BSRGAN

class face_crop_plus.models.rrdb.RRDBNet(min_face_factor=0.001)[source]

Bases: Module, LoadMixin

Face quality enhancer.

This model is capable of detecting which images have low-quality faces, i.e., which images have small face areas compared to the dimensions of the image and is able to enhance the quality of those images. The images are up-scaled 4 times and then resized to their original size - this results in less blurry faces.

This class also inherits load method from LoadMixin class. The method takes a device on which to load the model and loads the model with a default state dictionary loaded from WEIGHTS_FILENAME file. It sets this model to eval mode and disables gradients.

For more information on how RetinaFace model works, see this repo: BSRGAN. Most of the code was taken from that repository.

Note

Whenever an input shape is mentioned, N corresponds to batch size, C corresponds to the number of channels, H - to input height, and W - to input width.
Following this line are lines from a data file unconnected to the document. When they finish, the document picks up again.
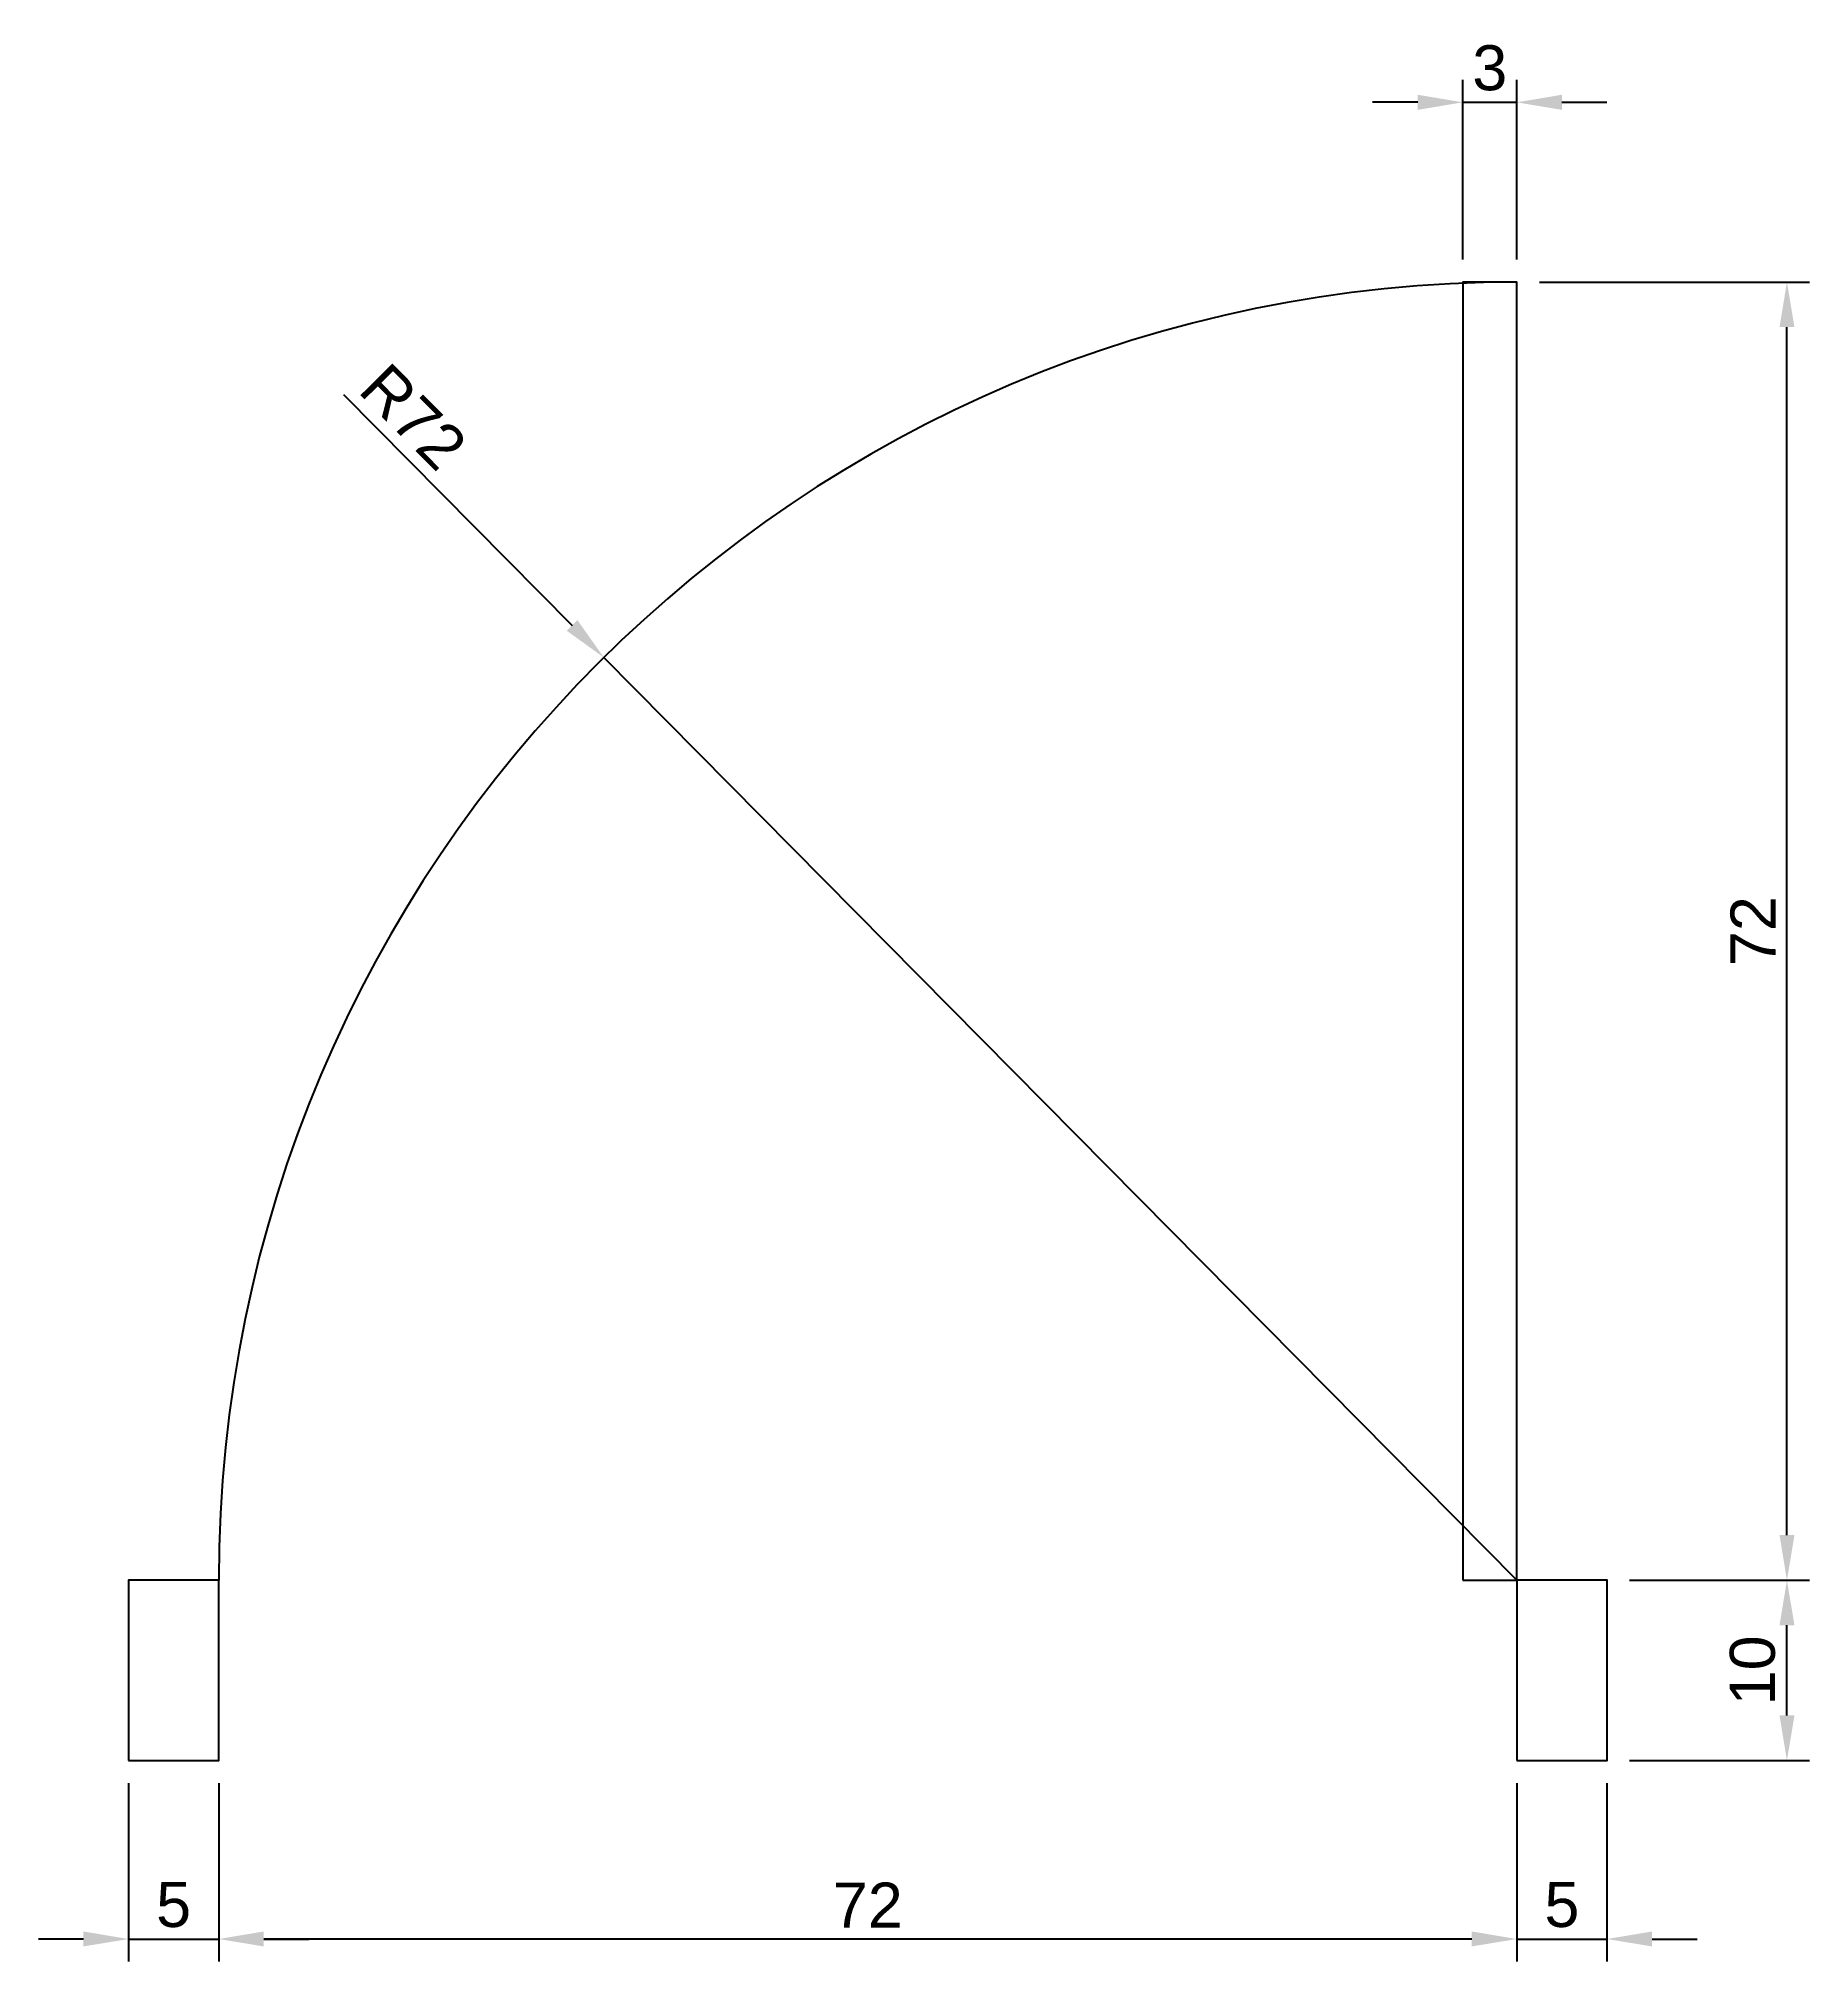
# Model space of a CAD drawing. Header units: millimetres. Extents: x 2818 to 2917, y 1044 to 1150.
import ezdxf

# ---------------------------------------------------------------- set-up
doc = ezdxf.new("R2010")
doc.units = ezdxf.units.MM
doc.layers.add('COTAS', color=252, linetype='Continuous')
doc.styles.get("Standard").update_dxf_attribs({"font": 'arial.ttf'})
doc.dimstyles.new('ISO-25', dxfattribs={"dimtxt": 2.5, "dimasz": 2.5, "dimexe": 1.25, "dimexo": 1.25, "dimtad": 1, "dimtxsty": 'Standard', "dimcen": 2.5, "dimadec": 0, "dimazin": 0, "dimtfac": 1, "dimtmove": 0, "dimatfit": 3, "dimfxl": 1, "dimarcsym": 0})

# ---------------------------------------------------------------- blocks, each defined once
blk = doc.blocks.new('*D3')
at = {"layer": 'COTAS', "color": 0, "lineweight": -2, "transparency": 16777216}
for p, q in [((2897.29, 1138.22), (2897.29, 1148.19)), ((2900.29, 1138.22), (2900.29, 1148.19)), ((2894.79, 1146.94), (2892.29, 1146.94)), ((2897.29, 1146.94), (2900.29, 1146.94)), ((2902.79, 1146.94), (2905.29, 1146.94))]:
    blk.add_line(p, q, dxfattribs=at)
at = {"layer": 'COTAS', "color": 0, "transparency": 16777216}
for points in [[(2894.79, 1147.36), (2894.79, 1146.52), (2897.29, 1146.94)], [(2902.79, 1147.36), (2902.79, 1146.52), (2900.29, 1146.94)]]:
    blk.add_solid(points, dxfattribs=at)
at = {"layer": 'Defpoints', "color": 0, "transparency": 16777216}
for p in [(2900.29, 1146.94), (2897.29, 1136.97), (2900.29, 1136.97)]:
    blk.add_point(p, dxfattribs=at)
at = {"layer": 'COTAS', "color": 0, "transparency": 16777216, "insert": (2898.79, 1148.84), "char_height": 2.5, "attachment_point": 5}
blk.add_mtext('3', dxfattribs=at)
blk = doc.blocks.new('*D5')
at = {"layer": 'COTAS', "color": 0, "lineweight": -2, "transparency": 16777216}
for p, q in [((2900.29, 1053.72), (2900.29, 1043.82)), ((2905.29, 1053.72), (2905.29, 1043.82)), ((2897.79, 1045.07), (2895.29, 1045.07)), ((2900.29, 1045.07), (2905.29, 1045.07)), ((2907.79, 1045.07), (2910.29, 1045.07))]:
    blk.add_line(p, q, dxfattribs=at)
at = {"layer": 'COTAS', "color": 0, "transparency": 16777216}
for points in [[(2897.79, 1045.49), (2897.79, 1044.66), (2900.29, 1045.07)], [(2907.79, 1045.49), (2907.79, 1044.66), (2905.29, 1045.07)]]:
    blk.add_solid(points, dxfattribs=at)
at = {"layer": 'Defpoints', "color": 0, "transparency": 16777216}
for p in [(2900.29, 1054.97), (2905.29, 1054.97), (2905.29, 1045.07)]:
    blk.add_point(p, dxfattribs=at)
at = {"layer": 'COTAS', "color": 0, "transparency": 16777216, "insert": (2902.79, 1046.97), "char_height": 2.5, "attachment_point": 5}
blk.add_mtext('5', dxfattribs=at)
blk = doc.blocks.new('*D8')
at = {"layer": 'COTAS', "color": 0, "lineweight": -2, "transparency": 16777216}
for p, q in [((2828.29, 1053.72), (2828.29, 1043.82)), ((2900.29, 1053.72), (2900.29, 1043.82)), ((2897.79, 1045.07), (2830.79, 1045.07))]:
    blk.add_line(p, q, dxfattribs=at)
at = {"layer": 'COTAS', "color": 0, "transparency": 16777216}
for points in [[(2830.79, 1045.49), (2830.79, 1044.66), (2828.29, 1045.07)], [(2897.79, 1045.49), (2897.79, 1044.66), (2900.29, 1045.07)]]:
    blk.add_solid(points, dxfattribs=at)
at = {"layer": 'Defpoints', "color": 0, "transparency": 16777216}
for p in [(2828.29, 1054.97), (2900.29, 1054.97), (2828.29, 1045.07)]:
    blk.add_point(p, dxfattribs=at)
at = {"layer": 'COTAS', "color": 0, "transparency": 16777216, "insert": (2864.29, 1046.95), "char_height": 2.5, "attachment_point": 5}
blk.add_mtext('72', dxfattribs=at)
blk = doc.blocks.new('*D9')
at = {"layer": 'COTAS', "color": 0, "lineweight": -2, "transparency": 16777216}
for p, q in [((2823.29, 1053.72), (2823.29, 1043.82)), ((2828.29, 1053.72), (2828.29, 1043.82)), ((2820.79, 1045.07), (2818.29, 1045.07)), ((2823.29, 1045.07), (2828.29, 1045.07)), ((2830.79, 1045.07), (2833.29, 1045.07))]:
    blk.add_line(p, q, dxfattribs=at)
at = {"layer": 'COTAS', "color": 0, "transparency": 16777216}
for points in [[(2820.79, 1045.49), (2820.79, 1044.66), (2823.29, 1045.07)], [(2830.79, 1045.49), (2830.79, 1044.66), (2828.29, 1045.07)]]:
    blk.add_solid(points, dxfattribs=at)
at = {"layer": 'Defpoints', "color": 0, "transparency": 16777216}
for p in [(2823.29, 1054.97), (2828.29, 1054.97), (2828.29, 1045.07)]:
    blk.add_point(p, dxfattribs=at)
at = {"layer": 'COTAS', "color": 0, "transparency": 16777216, "insert": (2825.79, 1046.97), "char_height": 2.5, "attachment_point": 5}
blk.add_mtext('5', dxfattribs=at)
blk = doc.blocks.new('*D11')
at = {"layer": 'COTAS', "color": 0, "lineweight": -2, "transparency": 16777216}
for p, q in [((2906.54, 1064.97), (2916.52, 1064.97)), ((2915.27, 1057.47), (2915.27, 1062.47)), ((2906.54, 1054.97), (2916.52, 1054.97))]:
    blk.add_line(p, q, dxfattribs=at)
at = {"layer": 'COTAS', "color": 0, "transparency": 16777216}
for points in [[(2914.86, 1062.47), (2915.69, 1062.47), (2915.27, 1064.97)], [(2914.86, 1057.47), (2915.69, 1057.47), (2915.27, 1054.97)]]:
    blk.add_solid(points, dxfattribs=at)
at = {"layer": 'Defpoints', "color": 0, "transparency": 16777216}
for p in [(2905.29, 1064.97), (2915.27, 1064.97), (2905.29, 1054.97)]:
    blk.add_point(p, dxfattribs=at)
at = {"layer": 'COTAS', "color": 0, "transparency": 16777216, "insert": (2913.37, 1059.97), "char_height": 2.5, "attachment_point": 5, "rotation": 90}
blk.add_mtext('10', dxfattribs=at)
blk = doc.blocks.new('*D12')
at = {"layer": 'COTAS', "color": 0, "lineweight": -2, "transparency": 16777216}
for p, q in [((2901.54, 1136.97), (2916.52, 1136.97)), ((2915.27, 1067.47), (2915.27, 1134.47)), ((2906.54, 1064.97), (2916.52, 1064.97))]:
    blk.add_line(p, q, dxfattribs=at)
at = {"layer": 'COTAS', "color": 0, "transparency": 16777216}
for points in [[(2914.86, 1134.47), (2915.69, 1134.47), (2915.27, 1136.97)], [(2914.86, 1067.47), (2915.69, 1067.47), (2915.27, 1064.97)]]:
    blk.add_solid(points, dxfattribs=at)
at = {"layer": 'Defpoints', "color": 0, "transparency": 16777216}
for p in [(2900.29, 1136.97), (2915.27, 1136.97), (2905.29, 1064.97)]:
    blk.add_point(p, dxfattribs=at)
at = {"layer": 'COTAS', "color": 0, "transparency": 16777216, "insert": (2913.39, 1100.97), "char_height": 2.5, "attachment_point": 5, "rotation": 90}
blk.add_mtext('72', dxfattribs=at)
blk = doc.blocks.new('*D13')
at = {"layer": 'COTAS', "color": 0, "lineweight": -2, "transparency": 16777216}
for p, q in [((2835.22, 1130.74), (2847.9, 1117.93)), ((2900.29, 1064.97), (2849.65, 1116.15))]:
    blk.add_line(p, q, dxfattribs=at)
at = {"layer": 'COTAS', "color": 0, "transparency": 16777216}
blk.add_solid([(2848.19, 1118.22), (2847.6, 1117.63), (2849.65, 1116.15)], dxfattribs=at)
at = {"layer": 'Defpoints', "color": 0, "transparency": 16777216}
for p in [(2849.65, 1116.15), (2900.29, 1064.97)]:
    blk.add_point(p, dxfattribs=at)
at = {"layer": 'COTAS', "color": 0, "transparency": 16777216, "insert": (2839.09, 1129.5), "char_height": 2.5, "attachment_point": 5, "rotation": 314.695}
blk.add_mtext('R72', dxfattribs=at)

msp = doc.modelspace()

# ---------------------------------------------------------------- linework, layer by layer
for points in [[(2897.295, 1064.967), (2900.295, 1064.967), (2900.295, 1136.967), (2897.295, 1136.967)], [(2823.295, 1054.967), (2828.295, 1054.967), (2828.295, 1064.967), (2823.295, 1064.967)], [(2900.295, 1054.967), (2905.295, 1054.967), (2905.295, 1064.967), (2900.295, 1064.967)]]:
    msp.add_lwpolyline(points, close=True)
msp.add_arc((2900.295, 1064.967), 72, 90, 180)

# ---------------------------------------------------------------- dimensions: what is measured, and where the dimension line sits
at = {"layer": 'COTAS'}
for base, p1, p2, picture, middle in [((2900.295, 1146.939), (2897.295, 1136.967), (2900.295, 1136.967), '*D3', (2898.795, 1148.842)), ((2828.295, 1045.072), (2823.295, 1054.967), (2828.295, 1054.967), '*D9', (2825.795, 1046.968)), ((2828.295, 1045.072), (2900.295, 1054.967), (2828.295, 1054.967), '*D8', (2864.295, 1046.952)), ((2905.295, 1045.072), (2900.295, 1054.967), (2905.295, 1054.967), '*D5', (2902.795, 1046.968))]:
    dim = msp.add_linear_dim(base=base, p1=p1, p2=p2, dimstyle='ISO-25', dxfattribs=at)
    dim.commit()
    dim.dimension.update_dxf_attribs({"geometry": picture, "text_midpoint": middle})
for base, p1, p2, picture, middle in [((2915.274, 1136.967), (2905.295, 1064.967), (2900.295, 1136.967), '*D12', (2913.394, 1100.967)), ((2915.274, 1064.967), (2905.295, 1054.967), (2905.295, 1064.967), '*D11', (2913.373, 1059.967))]:
    dim = msp.add_linear_dim(base=base, p1=p1, p2=p2, angle=90, dimstyle='ISO-25', dxfattribs=at)
    dim.commit()
    dim.dimension.update_dxf_attribs({"geometry": picture, "text_midpoint": middle})
dim = msp.add_radius_dim(center=(2900.295, 1064.967), mpoint=(2849.655, 1116.149), dimstyle='ISO-25', dxfattribs=at)
dim.commit()
dim.dimension.update_dxf_attribs({"geometry": '*D13', "text_midpoint": (2837.751, 1128.18), "dimtype": 164})

doc.saveas('drawing.dxf')

WEIGHTS_FILENAME = 'bsrgan_x4_enhancer.pth'

The constant specifying the name of .pth file from which the weights for this model should be loaded. Defaults to “bsrgan_x4_enhancer.pth”.

Type:

WEIGHTS_FILENAME (str)

__init__(min_face_factor=0.001)[source]

Initializes RRDB (BSRGAN) model.

Just assigns the minimum face threshold attribute and constructs module layers for quality inference.

Parameters:

min_face_factor (float) – The minimum average face factor, i.e., face area relative to the image, below which the whole image is enhanced. Defaults to 0.001.

forward(x)[source]

Performs forward pass.

Takes an input tensor which is a batch of images and produces the same batch, except images are up-scaled 4 times.

Parameters:

x (Tensor) – The input tensor of shape (N, 3, H, W).

Return type:

Tensor

Returns:

An output tensor of shape (N, 3, 4*H, 4*W).

predict(images, landmarks, indices)[source]

Enhances the quality of images with low-quality faces.

Takes a batch of images and sets of landmarks for each image and enhances the quality of those images for which the average face area factor is lower than self.min_face_factor. The face factor is computed by dividing the face area (computed by multiplying the width and the height of the face, specified by left-eye, right-eye, left-mouth, right-mouth landmark coordinates) by the image area.

Note

The images are enhanced one by one instead of as a batch because the inference is very memory consuming and can result in memory errors.

Parameters:
  • images (Tensor | list[Tensor]) – Image batch of shape (N, 3, H, W) in RGB form with float values from 0.0 to 255.0. It must be on the same device as this model. It can also be a list of tensors of different shapes.

  • landmarks (Optional[ndarray]) – Landmarks batch of shape (num_faces, 5, 2) used to compute average face area for each image. If None, then every image will be enhanced.

  • indices (Optional[list[int]]) – Indices list mapping each set of landmarks to a specific image in images batch (multiple sets of landmarks can come from the same image). If None, then every image will be enhanced.

Return type:

Tensor

Returns:

The same image batch as images - the shape is (N, 3, H, W) channels are in RGB and values range from 0.0 to 255.0. The only difference is that some of the images are of much higher quality, i.e., less blurry.